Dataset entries
◆ ◆ ◆ ◆

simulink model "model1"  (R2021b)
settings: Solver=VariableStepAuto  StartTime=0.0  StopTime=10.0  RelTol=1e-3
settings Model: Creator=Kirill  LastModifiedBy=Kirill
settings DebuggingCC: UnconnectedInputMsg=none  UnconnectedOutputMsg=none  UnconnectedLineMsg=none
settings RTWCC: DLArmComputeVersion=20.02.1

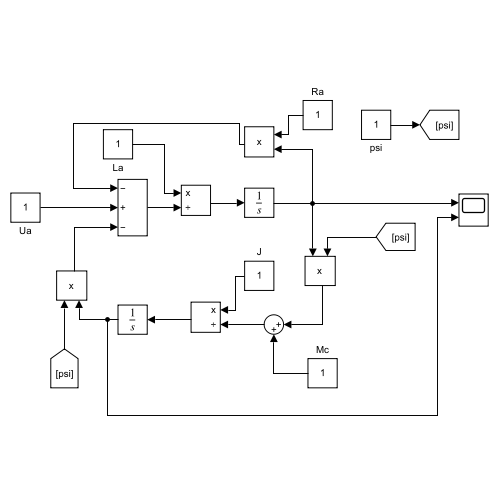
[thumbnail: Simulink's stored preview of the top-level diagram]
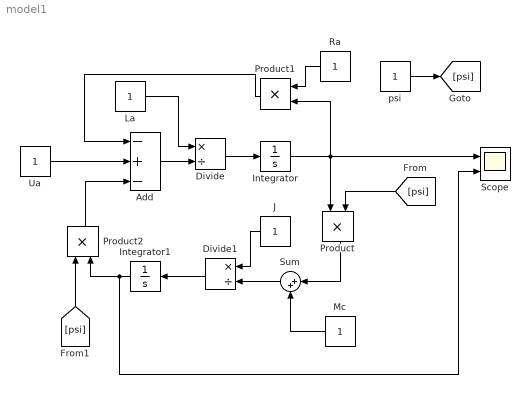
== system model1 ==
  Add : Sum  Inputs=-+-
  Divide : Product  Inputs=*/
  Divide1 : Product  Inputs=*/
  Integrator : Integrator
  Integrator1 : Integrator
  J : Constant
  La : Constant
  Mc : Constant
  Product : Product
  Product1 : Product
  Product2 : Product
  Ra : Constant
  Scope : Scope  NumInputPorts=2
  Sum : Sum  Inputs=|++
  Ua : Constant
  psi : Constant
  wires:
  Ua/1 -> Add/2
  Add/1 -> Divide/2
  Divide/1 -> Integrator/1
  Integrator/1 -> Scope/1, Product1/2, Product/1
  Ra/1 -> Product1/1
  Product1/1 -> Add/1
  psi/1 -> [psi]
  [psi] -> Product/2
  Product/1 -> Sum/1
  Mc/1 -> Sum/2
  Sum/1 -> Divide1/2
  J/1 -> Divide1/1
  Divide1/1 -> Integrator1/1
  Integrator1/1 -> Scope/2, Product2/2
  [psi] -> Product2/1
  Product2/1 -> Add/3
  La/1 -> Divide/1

◆ ◆ ◆ ◆

◆ **Exercise brief**
The expected output is each line of the records above that includes the word "Scope".

◆ **Response to the exercise**
  Scope : Scope  NumInputPorts=2
  Integrator/1 -> Scope/1, Product1/2, Product/1
  Integrator1/1 -> Scope/2, Product2/2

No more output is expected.